# Stance width, binding angles and ollie power



## jdang307 (Feb 6, 2011)

https://ojs.ub.uni-konstanz.de/cpa/article/download/5302/4874

Interesting study. No significant differences between wide/narrow, duck or forward stances.

They note the participant level is small, and that perhaps wider/duck stances may help but can't make a definite conclusion.

Interesting study. I was playing around with stance width yesterday so I thought I'd check this out. My ollies are weak. Off to do some box jumps :laugh:


----------



## Casual (Feb 9, 2011)

Might not impact ollie power but it will impact stability in the air and on landing, flexibility (making grabs easier or harder depending on stance) and a bunch of other shit. Some guys like smaller stances for spinning too while others like wide for balance on rails. I like a wide stance for everything, just feels right. After 25 years I've tried just about everything and +15/-15, 23.5 is money for me.

edit - I find a wider stance gives you better style too.


----------



## bseracka (Nov 14, 2011)

It's always interesting to see any study related to snowboarding. This study seems to have a significant built in error in their testing. If you look at their basis for choosing angles it looks like they base it on alpine riding stances (+45°/+10° - +15° for instructors, +45°/0° for jumps and +10° - +30°/-5° - -20° for big air).
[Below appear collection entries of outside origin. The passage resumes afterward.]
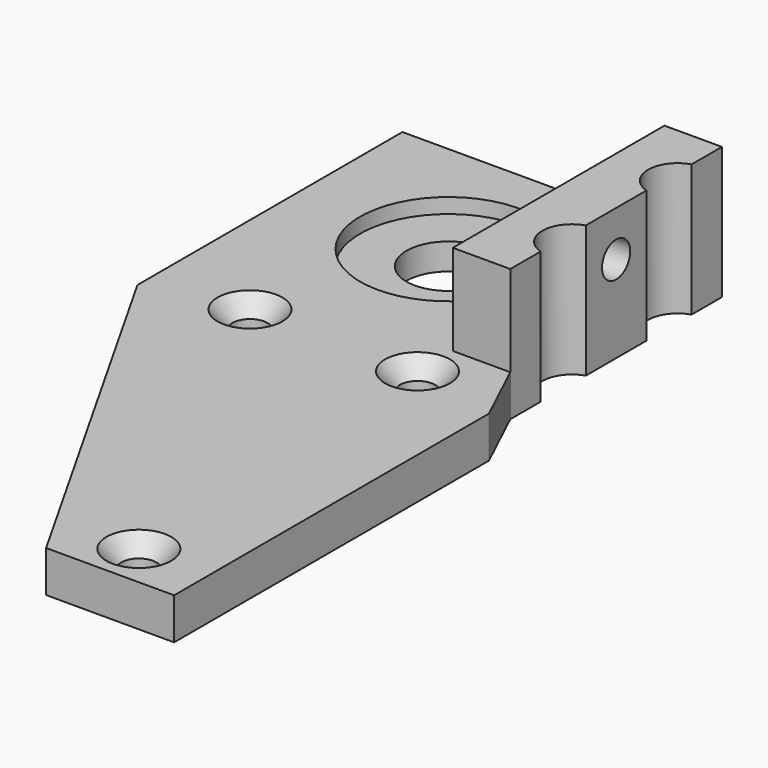
from build123d import *

# Parameters (mm, degrees)
F0_R       = 3.5
F0_R_2     = 10
F0_R_3     = 2
F1_DEPTH   = 4.7
F2_SIZE2   = 1.6781992624
F2_SIZE    = 2
F2_2_SIZE2 = 1.6781992624
F2_2_SIZE  = 2
F2_3_SIZE2 = 1.6781992624
F2_3_SIZE  = 2
F3_DEPTH   = 15
F0_R_4     = 4.75
F4_DEPTH   = 3
F5_R       = 2
F6_DEPTH   = 8


# Not quite as in the source:
# - a feature names something its author has since deleted; it is built from what else it names


with BuildPart() as f1:
    # F0 (on Top) → F1 (new body)
    with BuildSketch(Plane.XY):
        Polygon((-39.2612926662, 18.4351751247), (-14.0709569678, -26), (0.450202167, -26), (0.450202167, 18.6235290021), (-3.0323355459, 26), (-9.549797833, 26), (-9.549797833, 56), (-39.2612926662, 56), align=None)
        with Locations((-7.549797833, -21)):
            Circle(F0_R, mode=Mode.SUBTRACT)
        with Locations((-28.549797833, 21)):
            Circle(F0_R, mode=Mode.SUBTRACT)
        with Locations((-22.049797833, 41)):
            Circle(F0_R_2, mode=Mode.SUBTRACT)
        with Locations((-9.549797833, 21)):
            Circle(F0_R, mode=Mode.SUBTRACT)
        with BuildLine():
            Line((-9.549797833, 26), (-3.0323355459, 26))
            Line((-3.0323355459, 26), (-3.0323355459, 30.2973261729))
            ThreePointArc((-3.0323355459, 30.2973261729), (-5.399797833, 33.5), (-3.0323355459, 36.7026738271))
            Line((-3.0323355459, 36.7026738271), (-3.0323355459, 45.2973261729))
            ThreePointArc((-3.0323355459, 45.2973261729), (-5.399797833, 48.5), (-3.0323355459, 51.7026738271))
            Line((-3.0323355459, 51.7026738271), (-3.0323355459, 56))
            Line((-3.0323355459, 56), (-9.549797833, 56))
            Line((-9.549797833, 56), (-9.549797833, 26))
        make_face()
        with Locations((-28.549797833, 21)):
            Circle(F0_R)
        with Locations((-28.549797833, 21)):
            Circle(F0_R_3, mode=Mode.SUBTRACT)
        with Locations((-9.549797833, 21)):
            Circle(F0_R)
        with Locations((-9.549797833, 21)):
            Circle(F0_R_3, mode=Mode.SUBTRACT)
        with Locations((-7.549797833, -21)):
            Circle(F0_R)
        with Locations((-7.549797833, -21)):
            Circle(F0_R_3, mode=Mode.SUBTRACT)
    extrude(amount=F1_DEPTH)

    # F2
    f2_edges = [f1.edges().sort_by_distance(p)[0] for p in [
        (-30.549798, 21, 4.7),
    ]]
    f2_side = f1.faces().sort_by_distance((-30.549798, 21, 2.35))[0]
    chamfer(f2_edges, length=F2_SIZE, length2=F2_SIZE2, reference=f2_side)

    # F2#2
    f2_2_edges = [f1.edges().sort_by_distance(p)[0] for p in [
        (-11.549798, 21, 4.7),
    ]]
    f2_2_side = f1.faces().sort_by_distance((-11.549798, 21, 2.35))[0]
    chamfer(f2_2_edges, length=F2_2_SIZE, length2=F2_2_SIZE2, reference=f2_2_side)

    # F2#3
    f2_3_edges = [f1.edges().sort_by_distance(p)[0] for p in [
        (-9.549798, -21, 4.7),
    ]]
    f2_3_side = f1.faces().sort_by_distance((-9.549798, -21, 2.35))[0]
    chamfer(f2_3_edges, length=F2_3_SIZE, length2=F2_3_SIZE2, reference=f2_3_side)

    # F0 (on Top) → F3 (join)
    with BuildSketch(Plane.XY):
        with BuildLine():
            Line((-9.549797833, 26), (-3.0323355459, 26))
            Line((-3.0323355459, 26), (-3.0323355459, 30.2973261729))
            ThreePointArc((-3.0323355459, 30.2973261729), (-5.399797833, 33.5), (-3.0323355459, 36.7026738271))
            Line((-3.0323355459, 36.7026738271), (-3.0323355459, 45.2973261729))
            ThreePointArc((-3.0323355459, 45.2973261729), (-5.399797833, 48.5), (-3.0323355459, 51.7026738271))
            Line((-3.0323355459, 51.7026738271), (-3.0323355459, 56))
            Line((-3.0323355459, 56), (-9.549797833, 56))
            Line((-9.549797833, 56), (-9.549797833, 26))
        make_face()
    extrude(amount=F3_DEPTH)

    # F0 (on Top) → F4 (join)
    with BuildSketch(Plane.XY):
        with Locations((-22.049797833, 41)):
            Circle(F0_R_2)
        with Locations((-22.049797833, 41)):
            Circle(F0_R_4, mode=Mode.SUBTRACT)
    extrude(amount=F4_DEPTH)

    # F5 (on face) → F6 (cut)
    with BuildSketch(Plane(origin=(-9.549797833, 0, 0), x_dir=(0, -1, 0), z_dir=(-1, 0, 0))):
        with Locations((-41, 9.85)):
            Circle(F5_R)
    extrude(amount=-F6_DEPTH, mode=Mode.SUBTRACT)


solid = f1.part

Then they set variable stances: Two binding angle combinations were tested: forward stance with +30° front leg and +15° back leg angle (+30°/+15°) and duck stance with +18° front leg and -15° back leg angle (+18°/-15°). Both are extreme angles and likely limiting ollie power. At the very least the should have set a baseline for ollie power off of the individuals prefered binding angles, then compared to their selected variable angels. It seem strange they would have picked stance angles with a difference of 15 and 33.


----------



## jdang307 (Feb 6, 2011)

bseracka said:


> It's always interesting to see any study related to snowboarding. This study seems to have a significant built in error in their testing. If you look at their basis for choosing angles it looks like they base it on alpine riding stances (+45°/+10° - +15° for instructors, +45°/0° for jumps and +10° - +30°/-5° - -20° for big air). Then they set variable stances: Two binding angle combinations were tested: forward stance with +30° front leg and +15° back leg angle (+30°/+15°) and duck stance with +18° front leg and -15° back leg angle (+18°/-15°). Both are extreme angles and likely limiting ollie power. At the very least the should have set a baseline for ollie power off of the individuals prefered binding angles, then compared to their selected variable angels. It seem strange they would have picked stance angles with a difference of 15 and 33.


Definitely a limited study. Still pretty cool to look at though.

And hey, they're Europeans. Don't they all use forward angles :laugh:


----------



## bseracka (Nov 14, 2011)

Only when riding an ironing board :cheeky4:


----------